Więcej się należy…

wpis w: Uncategorized | 0

No, sporo złej krwi się upuszcza przy okazji strajków w szkołach…i przedszkolach. Dostają ci, co strajkują, a i też przy okazji niestrajkujący. Rodzice (i dziadkowie) strajk nauczycielski popierają… – już nawet o uczniach nie wspominając. W końcu każdy chciałby być piękny, bogaty i młody, a nie stary, biedny i brzydki na dodatek. To a’propos pytań do tzw. opinii publicznej: pro- i anty-PiSowskiej. I każdy też chce zarabiać więcej za mniej czasu, który na pracę poświęca. Ale co się stanie, gdy rodzice się przyzwyczają do strajku i przestaną wysyłać dzieci do przedszkola (co nawet jeszcze nie jest niezgodny z prawem, choć nie wiadomo, jak długo…) i do szkoły (no tu już „wolności” takiej, jak w przedszkolu rodzice nie mają…). Może choć „wizyty gospodarcza miasta” trochę pomogą… – sam KJK się zatroszczył i po przedszkolach jeździł. Acan dobrodziej. Normalnie Gierek wśród rolników.

W naszej ojczyźnie ogarniętej socjalizmem realnym, nic się nie opłaca. Ani bycie nauczycielem, ani złodziejem (przynajmniej nie osiągając pewnego poziomu finansowego kradzieży, bo wtedy można sobie zafundować utratę pamięci i mając już zapewniony być „w oszczędnościach”, na przesłuchaniach powtarzać: „nie pamiętam”). U nas opłaca się „walczyć” o swoje, bo SIĘ NALEŻY. Lekarze, policjanci, nauczyciele… A co z innymi zawodami? One mniej potrzebne? Tata ma, tata da, tata nie żałuje… – jak świnki mogą mieć 500+, to czemu nie cała reszta.
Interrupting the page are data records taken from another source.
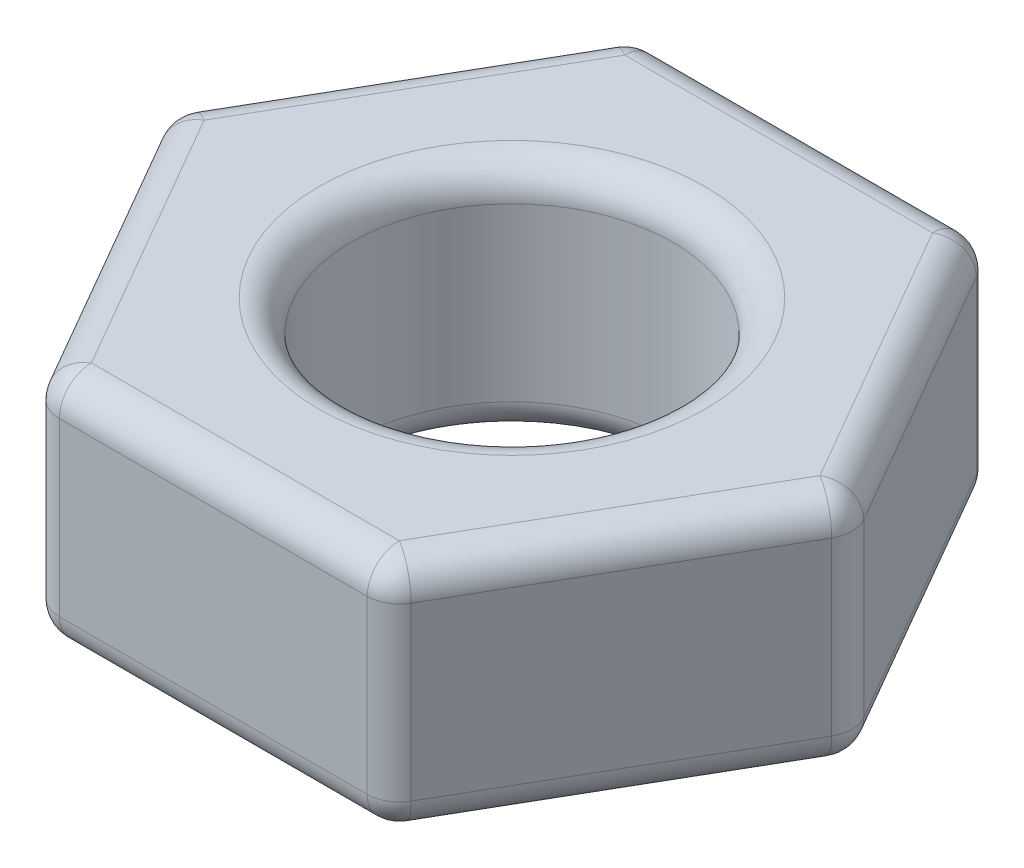
ISO-10303-21;
HEADER;
FILE_DESCRIPTION(('STEP AP214'),'2;1');
FILE_NAME('part.step','',(''),(''),'','','');
FILE_SCHEMA(('AUTOMOTIVE_DESIGN { 1 0 10303 214 1 1 1 1 }'));
ENDSEC;
DATA;
#1=APPLICATION_CONTEXT('core data for automotive mechanical design processes');
#2=APPLICATION_PROTOCOL_DEFINITION('international standard','automotive_design',2000,#1);
#3=PRODUCT_CONTEXT('',#1,'mechanical');
#4=PRODUCT('Part','Part','',(#3));
#5=PRODUCT_RELATED_PRODUCT_CATEGORY('part','',(#4));
#6=PRODUCT_DEFINITION_FORMATION('','',#4);
#7=PRODUCT_DEFINITION_CONTEXT('part definition',#1,'design');
#8=PRODUCT_DEFINITION('design','',#6,#7);
#9=PRODUCT_DEFINITION_SHAPE('','',#8);
#10=(LENGTH_UNIT() NAMED_UNIT(*) SI_UNIT(.MILLI.,.METRE.));
#11=(NAMED_UNIT(*) PLANE_ANGLE_UNIT() SI_UNIT($,.RADIAN.));
#12=(NAMED_UNIT(*) SI_UNIT($,.STERADIAN.) SOLID_ANGLE_UNIT());
#13=UNCERTAINTY_MEASURE_WITH_UNIT(LENGTH_MEASURE(1.E-05),#10,'distance_accuracy_value','');
#14=(GEOMETRIC_REPRESENTATION_CONTEXT(3) GLOBAL_UNCERTAINTY_ASSIGNED_CONTEXT((#13)) GLOBAL_UNIT_ASSIGNED_CONTEXT((#10,
#11,#12)) REPRESENTATION_CONTEXT('',''));
#15=CARTESIAN_POINT('',(0.,0.,0.));
#16=DIRECTION('',(0.,0.,1.));
#17=DIRECTION('',(1.,0.,0.));
#18=AXIS2_PLACEMENT_3D('',#15,#16,#17);
#19=CARTESIAN_POINT('',(-77.4363448327451,-39.8640445445355,42.4121777724965));
#20=DIRECTION('',(-1.,0.,0.));
#21=DIRECTION('',(0.,0.,-1.));
#22=AXIS2_PLACEMENT_3D('',#19,#20,#21);
#23=SPHERICAL_SURFACE('',#22,0.3);
#24=CARTESIAN_POINT('',(-77.4363448327451,-39.8640445445355,42.4121777724965));
#25=DIRECTION('',(0.,-1.,0.));
#26=DIRECTION('',(1.,0.,0.));
#27=AXIS2_PLACEMENT_3D('',#24,#25,#26);
#28=CIRCLE('',#27,0.299999999999995);
#29=CARTESIAN_POINT('',(-77.6961524538804,-39.8640445445355,42.2621777724965));
#30=VERTEX_POINT('',#29);
#31=CARTESIAN_POINT('',(-77.4363448327451,-39.8640445445355,42.1121777724965));
#32=VERTEX_POINT('',#31);
#33=EDGE_CURVE('E246',#30,#32,#28,.T.);
#34=ORIENTED_EDGE('',*,*,#33,.F.);
#35=CARTESIAN_POINT('',(-77.4363448327451,-39.8640445445355,42.4121777724965));
#36=DIRECTION('',(-0.5,0.,0.866025403784439));
#37=DIRECTION('',(0.866025403784439,0.,0.5));
#38=AXIS2_PLACEMENT_3D('',#35,#36,#37);
#39=CIRCLE('',#38,0.3);
#40=CARTESIAN_POINT('',(-77.4363448327451,-39.5640445445355,42.4121777724965));
#41=VERTEX_POINT('',#40);
#42=EDGE_CURVE('E242',#41,#30,#39,.T.);
#43=ORIENTED_EDGE('',*,*,#42,.F.);
#44=CARTESIAN_POINT('',(-77.4363448327451,-39.8640445445355,42.4121777724965));
#45=DIRECTION('',(-1.,0.,0.));
#46=DIRECTION('',(0.,-1.,0.));
#47=AXIS2_PLACEMENT_3D('',#44,#45,#46);
#48=CIRCLE('',#47,0.300000000000002);
#49=EDGE_CURVE('E85',#32,#41,#48,.F.);
#50=ORIENTED_EDGE('',*,*,#49,.F.);
#51=EDGE_LOOP('',(#34,#43,#50));
#52=FACE_BOUND('',#51,.T.);
#53=ADVANCED_FACE('F18',(#52),#23,.T.);
#54=CARTESIAN_POINT('',(-78.8726896654902,-39.8640445445355,44.9));
#55=DIRECTION('',(-1.,0.,0.));
#56=DIRECTION('',(0.,0.,-1.));
#57=AXIS2_PLACEMENT_3D('',#54,#55,#56);
#58=SPHERICAL_SURFACE('',#57,0.3);
#59=CARTESIAN_POINT('',(-78.8726896654902,-39.8640445445355,44.9));
#60=DIRECTION('',(0.5,0.,0.866025403784439));
#61=DIRECTION('',(0.866025403784439,0.,-0.5));
#62=AXIS2_PLACEMENT_3D('',#59,#60,#61);
#63=CIRCLE('',#62,0.300000000000006);
#64=CARTESIAN_POINT('',(-78.8726896654902,-39.5640445445355,44.9));
#65=VERTEX_POINT('',#64);
#66=CARTESIAN_POINT('',(-79.1324972866255,-39.8640445445355,45.05));
#67=VERTEX_POINT('',#66);
#68=EDGE_CURVE('E249',#65,#67,#63,.T.);
#69=ORIENTED_EDGE('',*,*,#68,.F.);
#70=CARTESIAN_POINT('',(-78.8726896654902,-39.8640445445355,44.9));
#71=DIRECTION('',(-0.5,0.,0.866025403784439));
#72=DIRECTION('',(0.866025403784439,0.,0.5));
#73=AXIS2_PLACEMENT_3D('',#70,#71,#72);
#74=CIRCLE('',#73,0.3);
#75=CARTESIAN_POINT('',(-79.1324972866255,-39.8640445445355,44.75));
#76=VERTEX_POINT('',#75);
#77=EDGE_CURVE('E245',#76,#65,#74,.F.);
#78=ORIENTED_EDGE('',*,*,#77,.F.);
#79=CARTESIAN_POINT('',(-78.8726896654902,-39.8640445445355,44.9));
#80=DIRECTION('',(0.,-1.,0.));
#81=DIRECTION('',(1.,0.,0.));
#82=AXIS2_PLACEMENT_3D('',#79,#80,#81);
#83=CIRCLE('',#82,0.299999999999995);
#84=CARTESIAN_POINT('',(-79.1726896654902,-39.8640445445355,44.9));
#85=VERTEX_POINT('',#84);
#86=EDGE_CURVE('E302',#85,#76,#83,.T.);
#87=ORIENTED_EDGE('',*,*,#86,.F.);
#88=CARTESIAN_POINT('',(-78.8726896654902,-39.8640445445355,44.9));
#89=DIRECTION('',(0.,-1.,0.));
#90=DIRECTION('',(1.,0.,0.));
#91=AXIS2_PLACEMENT_3D('',#88,#89,#90);
#92=CIRCLE('',#91,0.299999999999995);
#93=EDGE_CURVE('E252',#67,#85,#92,.T.);
#94=ORIENTED_EDGE('',*,*,#93,.F.);
#95=EDGE_LOOP('',(#69,#78,#87,#94));
#96=FACE_BOUND('',#95,.T.);
#97=ADVANCED_FACE('F306',(#96),#58,.T.);
#98=CARTESIAN_POINT('',(-77.4363448327451,-39.8640445445355,47.3878222275035));
#99=DIRECTION('',(-1.,0.,0.));
#100=DIRECTION('',(0.,0.,-1.));
#101=AXIS2_PLACEMENT_3D('',#98,#99,#100);
#102=SPHERICAL_SURFACE('',#101,0.3);
#103=CARTESIAN_POINT('',(-77.4363448327451,-39.8640445445355,47.3878222275035));
#104=DIRECTION('',(1.,0.,0.));
#105=DIRECTION('',(0.,1.,0.));
#106=AXIS2_PLACEMENT_3D('',#103,#104,#105);
#107=CIRCLE('',#106,0.300000000000002);
#108=CARTESIAN_POINT('',(-77.4363448327451,-39.5640445445355,47.3878222275035));
#109=VERTEX_POINT('',#108);
#110=CARTESIAN_POINT('',(-77.4363448327451,-39.8640445445355,47.6878222275035));
#111=VERTEX_POINT('',#110);
#112=EDGE_CURVE('E413',#109,#111,#107,.T.);
#113=ORIENTED_EDGE('',*,*,#112,.F.);
#114=CARTESIAN_POINT('',(-77.4363448327451,-39.8640445445355,47.3878222275035));
#115=DIRECTION('',(0.5,0.,0.866025403784439));
#116=DIRECTION('',(0.866025403784439,0.,-0.5));
#117=AXIS2_PLACEMENT_3D('',#114,#115,#116);
#118=CIRCLE('',#117,0.300000000000006);
#119=CARTESIAN_POINT('',(-77.6961524538804,-39.8640445445355,47.5378222275035));
#120=VERTEX_POINT('',#119);
#121=EDGE_CURVE('E251',#120,#109,#118,.F.);
#122=ORIENTED_EDGE('',*,*,#121,.F.);
#123=CARTESIAN_POINT('',(-77.4363448327451,-39.8640445445355,47.3878222275035));
#124=DIRECTION('',(0.,-1.,0.));
#125=DIRECTION('',(1.,0.,0.));
#126=AXIS2_PLACEMENT_3D('',#123,#124,#125);
#127=CIRCLE('',#126,0.299999999999995);
#128=EDGE_CURVE('E411',#111,#120,#127,.T.);
#129=ORIENTED_EDGE('',*,*,#128,.F.);
#130=EDGE_LOOP('',(#113,#122,#129));
#131=FACE_BOUND('',#130,.T.);
#132=ADVANCED_FACE('F309',(#131),#102,.T.);
#133=CARTESIAN_POINT('',(-74.5636551672549,-39.8640445445355,47.3878222275035));
#134=DIRECTION('',(-1.,0.,0.));
#135=DIRECTION('',(0.,0.,-1.));
#136=AXIS2_PLACEMENT_3D('',#133,#134,#135);
#137=SPHERICAL_SURFACE('',#136,0.3);
#138=CARTESIAN_POINT('',(-74.5636551672549,-39.8640445445355,47.3878222275035));
#139=DIRECTION('',(0.,-1.,0.));
#140=DIRECTION('',(1.,0.,0.));
#141=AXIS2_PLACEMENT_3D('',#138,#139,#140);
#142=CIRCLE('',#141,0.299999999999995);
#143=CARTESIAN_POINT('',(-74.3038475461196,-39.8640445445355,47.5378222275035));
#144=VERTEX_POINT('',#143);
#145=CARTESIAN_POINT('',(-74.5636551672549,-39.8640445445355,47.6878222275035));
#146=VERTEX_POINT('',#145);
#147=EDGE_CURVE('E321',#144,#146,#142,.T.);
#148=ORIENTED_EDGE('',*,*,#147,.F.);
#149=CARTESIAN_POINT('',(-74.5636551672549,-39.8640445445355,47.3878222275035));
#150=DIRECTION('',(0.5,0.,-0.866025403784439));
#151=DIRECTION('',(-0.866025403784439,0.,-0.5));
#152=AXIS2_PLACEMENT_3D('',#149,#150,#151);
#153=CIRCLE('',#152,0.3);
#154=CARTESIAN_POINT('',(-74.5636551672549,-39.5640445445355,47.3878222275035));
#155=VERTEX_POINT('',#154);
#156=EDGE_CURVE('E255',#155,#144,#153,.T.);
#157=ORIENTED_EDGE('',*,*,#156,.F.);
#158=CARTESIAN_POINT('',(-74.5636551672549,-39.8640445445355,47.3878222275035));
#159=DIRECTION('',(1.,0.,0.));
#160=DIRECTION('',(0.,1.,0.));
#161=AXIS2_PLACEMENT_3D('',#158,#159,#160);
#162=CIRCLE('',#161,0.300000000000002);
#163=EDGE_CURVE('E322',#146,#155,#162,.F.);
#164=ORIENTED_EDGE('',*,*,#163,.F.);
#165=EDGE_LOOP('',(#148,#157,#164));
#166=FACE_BOUND('',#165,.T.);
#167=ADVANCED_FACE('F313',(#166),#137,.T.);
#168=CARTESIAN_POINT('',(-73.1273103345099,-39.8640445445355,44.9));
#169=DIRECTION('',(-1.,0.,0.));
#170=DIRECTION('',(0.,0.,-1.));
#171=AXIS2_PLACEMENT_3D('',#168,#169,#170);
#172=SPHERICAL_SURFACE('',#171,0.3);
#173=CARTESIAN_POINT('',(-73.1273103345099,-39.8640445445355,44.9));
#174=DIRECTION('',(0.,-1.,0.));
#175=DIRECTION('',(1.,0.,0.));
#176=AXIS2_PLACEMENT_3D('',#173,#174,#175);
#177=CIRCLE('',#176,0.299999999999995);
#178=CARTESIAN_POINT('',(-72.8675027133745,-39.8640445445355,44.75));
#179=VERTEX_POINT('',#178);
#180=CARTESIAN_POINT('',(-72.8273103345099,-39.8640445445355,44.9));
#181=VERTEX_POINT('',#180);
#182=EDGE_CURVE('E38',#179,#181,#177,.T.);
#183=ORIENTED_EDGE('',*,*,#182,.F.);
#184=CARTESIAN_POINT('',(-73.1273103345098,-39.8640445445355,44.9));
#185=DIRECTION('',(-0.5,0.,-0.866025403784439));
#186=DIRECTION('',(-0.866025403784439,0.,0.5));
#187=AXIS2_PLACEMENT_3D('',#184,#185,#186);
#188=CIRCLE('',#187,0.300000000000005);
#189=CARTESIAN_POINT('',(-73.1273103345098,-39.5640445445355,44.9));
#190=VERTEX_POINT('',#189);
#191=EDGE_CURVE('E269',#190,#179,#188,.T.);
#192=ORIENTED_EDGE('',*,*,#191,.F.);
#193=CARTESIAN_POINT('',(-73.1273103345098,-39.8640445445355,44.9));
#194=DIRECTION('',(0.5,0.,-0.866025403784439));
#195=DIRECTION('',(-0.866025403784439,0.,-0.5));
#196=AXIS2_PLACEMENT_3D('',#193,#194,#195);
#197=CIRCLE('',#196,0.3);
#198=CARTESIAN_POINT('',(-72.8675027133745,-39.8640445445355,45.05));
#199=VERTEX_POINT('',#198);
#200=EDGE_CURVE('E257',#199,#190,#197,.F.);
#201=ORIENTED_EDGE('',*,*,#200,.F.);
#202=CARTESIAN_POINT('',(-73.1273103345099,-39.8640445445355,44.9));
#203=DIRECTION('',(0.,-1.,0.));
#204=DIRECTION('',(1.,0.,0.));
#205=AXIS2_PLACEMENT_3D('',#202,#203,#204);
#206=CIRCLE('',#205,0.299999999999995);
#207=EDGE_CURVE('E261',#181,#199,#206,.T.);
#208=ORIENTED_EDGE('',*,*,#207,.F.);
#209=EDGE_LOOP('',(#183,#192,#201,#208));
#210=FACE_BOUND('',#209,.T.);
#211=ADVANCED_FACE('F333',(#210),#172,.T.);
#212=CARTESIAN_POINT('',(-74.5636551672549,-39.8640445445355,42.4121777724965));
#213=DIRECTION('',(-1.,0.,0.));
#214=DIRECTION('',(0.,0.,-1.));
#215=AXIS2_PLACEMENT_3D('',#212,#213,#214);
#216=SPHERICAL_SURFACE('',#215,0.3);
#217=CARTESIAN_POINT('',(-74.5636551672549,-39.8640445445355,42.4121777724965));
#218=DIRECTION('',(0.,-1.,0.));
#219=DIRECTION('',(1.,0.,0.));
#220=AXIS2_PLACEMENT_3D('',#217,#218,#219);
#221=CIRCLE('',#220,0.299999999999995);
#222=CARTESIAN_POINT('',(-74.5636551672549,-39.8640445445355,42.1121777724965));
#223=VERTEX_POINT('',#222);
#224=CARTESIAN_POINT('',(-74.3038475461196,-39.8640445445355,42.2621777724965));
#225=VERTEX_POINT('',#224);
#226=EDGE_CURVE('E178',#223,#225,#221,.T.);
#227=ORIENTED_EDGE('',*,*,#226,.F.);
#228=CARTESIAN_POINT('',(-74.5636551672549,-39.8640445445355,42.4121777724965));
#229=DIRECTION('',(-1.,0.,0.));
#230=DIRECTION('',(0.,-1.,0.));
#231=AXIS2_PLACEMENT_3D('',#228,#229,#230);
#232=CIRCLE('',#231,0.300000000000002);
#233=CARTESIAN_POINT('',(-74.5636551672549,-39.5640445445355,42.4121777724965));
#234=VERTEX_POINT('',#233);
#235=EDGE_CURVE('E297',#234,#223,#232,.T.);
#236=ORIENTED_EDGE('',*,*,#235,.F.);
#237=CARTESIAN_POINT('',(-74.5636551672549,-39.8640445445355,42.4121777724965));
#238=DIRECTION('',(-0.5,0.,-0.866025403784439));
#239=DIRECTION('',(-0.866025403784439,0.,0.5));
#240=AXIS2_PLACEMENT_3D('',#237,#238,#239);
#241=CIRCLE('',#240,0.300000000000005);
#242=EDGE_CURVE('E265',#225,#234,#241,.F.);
#243=ORIENTED_EDGE('',*,*,#242,.F.);
#244=EDGE_LOOP('',(#227,#236,#243));
#245=FACE_BOUND('',#244,.T.);
#246=ADVANCED_FACE('F336',(#245),#216,.T.);
#247=CARTESIAN_POINT('',(-65.9999999999999,-39.5640445445355,0.));
#248=DIRECTION('',(0.,1.,0.));
#249=DIRECTION('',(-1.,0.,0.));
#250=AXIS2_PLACEMENT_3D('',#247,#248,#249);
#251=PLANE('',#250);
#252=DIRECTION('',(0.5,0.,-0.866025403784439));
#253=VECTOR('',#252,1.);
#254=CARTESIAN_POINT('',(-51.9032124359217,-39.5640445445355,8.13878409482954));
#255=LINE('',#254,#253);
#256=EDGE_CURVE('E260',#190,#155,#255,.F.);
#257=ORIENTED_EDGE('',*,*,#256,.F.);
#258=DIRECTION('',(-0.5,0.,-0.866025403784439));
#259=VECTOR('',#258,1.);
#260=CARTESIAN_POINT('',(-90.787753065843,-39.5640445445356,14.3112159051705));
#261=LINE('',#260,#259);
#262=EDGE_CURVE('E268',#234,#190,#261,.F.);
#263=ORIENTED_EDGE('',*,*,#262,.F.);
#264=DIRECTION('',(-1.,0.,0.));
#265=VECTOR('',#264,1.);
#266=CARTESIAN_POINT('',(-65.9999999999999,-39.5640445445355,42.4121777724965));
#267=LINE('',#266,#265);
#268=EDGE_CURVE('E90',#41,#234,#267,.F.);
#269=ORIENTED_EDGE('',*,*,#268,.F.);
#270=DIRECTION('',(-0.5,0.,0.866025403784439));
#271=VECTOR('',#270,1.);
#272=CARTESIAN_POINT('',(-56.2122469341569,-39.5640445445355,5.65096186732606));
#273=LINE('',#272,#271);
#274=EDGE_CURVE('E248',#65,#41,#273,.F.);
#275=ORIENTED_EDGE('',*,*,#274,.F.);
#276=DIRECTION('',(0.5,0.,0.866025403784439));
#277=VECTOR('',#276,1.);
#278=CARTESIAN_POINT('',(-95.0967875640782,-39.5640445445356,16.799038132674));
#279=LINE('',#278,#277);
#280=EDGE_CURVE('E254',#109,#65,#279,.F.);
#281=ORIENTED_EDGE('',*,*,#280,.F.);
#282=DIRECTION('',(1.,0.,0.));
#283=VECTOR('',#282,1.);
#284=CARTESIAN_POINT('',(-65.9999999999999,-39.5640445445355,47.3878222275035));
#285=LINE('',#284,#283);
#286=EDGE_CURVE('E319',#155,#109,#285,.F.);
#287=ORIENTED_EDGE('',*,*,#286,.F.);
#288=EDGE_LOOP('',(#257,#263,#269,#275,#281,#287));
#289=FACE_BOUND('',#288,.T.);
#290=CARTESIAN_POINT('',(-76.,-39.5640445445355,44.9));
#291=DIRECTION('',(0.,1.,0.));
#292=DIRECTION('',(1.,0.,0.));
#293=AXIS2_PLACEMENT_3D('',#290,#291,#292);
#294=CIRCLE('',#293,1.8);
#295=CARTESIAN_POINT('',(-74.2,-39.5640445445355,44.9));
#296=VERTEX_POINT('',#295);
#297=CARTESIAN_POINT('',(-77.8,-39.5640445445355,44.9));
#298=VERTEX_POINT('',#297);
#299=EDGE_CURVE('E108',#296,#298,#294,.T.);
#300=ORIENTED_EDGE('',*,*,#299,.F.);
#301=CARTESIAN_POINT('',(-76.,-39.5640445445355,44.9));
#302=DIRECTION('',(0.,1.,0.));
#303=DIRECTION('',(-1.,0.,0.));
#304=AXIS2_PLACEMENT_3D('',#301,#302,#303);
#305=CIRCLE('',#304,1.8);
#306=EDGE_CURVE('E362',#298,#296,#305,.T.);
#307=ORIENTED_EDGE('',*,*,#306,.F.);
#308=EDGE_LOOP('',(#300,#307));
#309=FACE_BOUND('',#308,.T.);
#310=ADVANCED_FACE('F339',(#289,#309),#251,.T.);
#311=CARTESIAN_POINT('',(-65.9999999999999,-39.8640445445355,42.4121777724965));
#312=DIRECTION('',(-1.,0.,0.));
#313=DIRECTION('',(0.,-1.,0.));
#314=AXIS2_PLACEMENT_3D('',#311,#312,#313);
#315=CYLINDRICAL_SURFACE('',#314,0.300000000000002);
#316=ORIENTED_EDGE('',*,*,#235,.T.);
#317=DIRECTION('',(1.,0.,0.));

Też przecież im się należy! W kolejce kurki, indyki, kaczki… Propaganda sukcesu ogłasza tzw. rekordowe rezerwy budżetu państwa – tak się określa parę groszy nad to, co trzeba za dług publiczny przesłać do wierzycieli III RP. Ciekawe co będzie, gdy się te chwilowe nadwyżki w przyszłości nie zdarzą. Ale skoro skuteczna była „psia grypa”, to i może protest ZNP z „dodatkami”, też… Zobaczymy.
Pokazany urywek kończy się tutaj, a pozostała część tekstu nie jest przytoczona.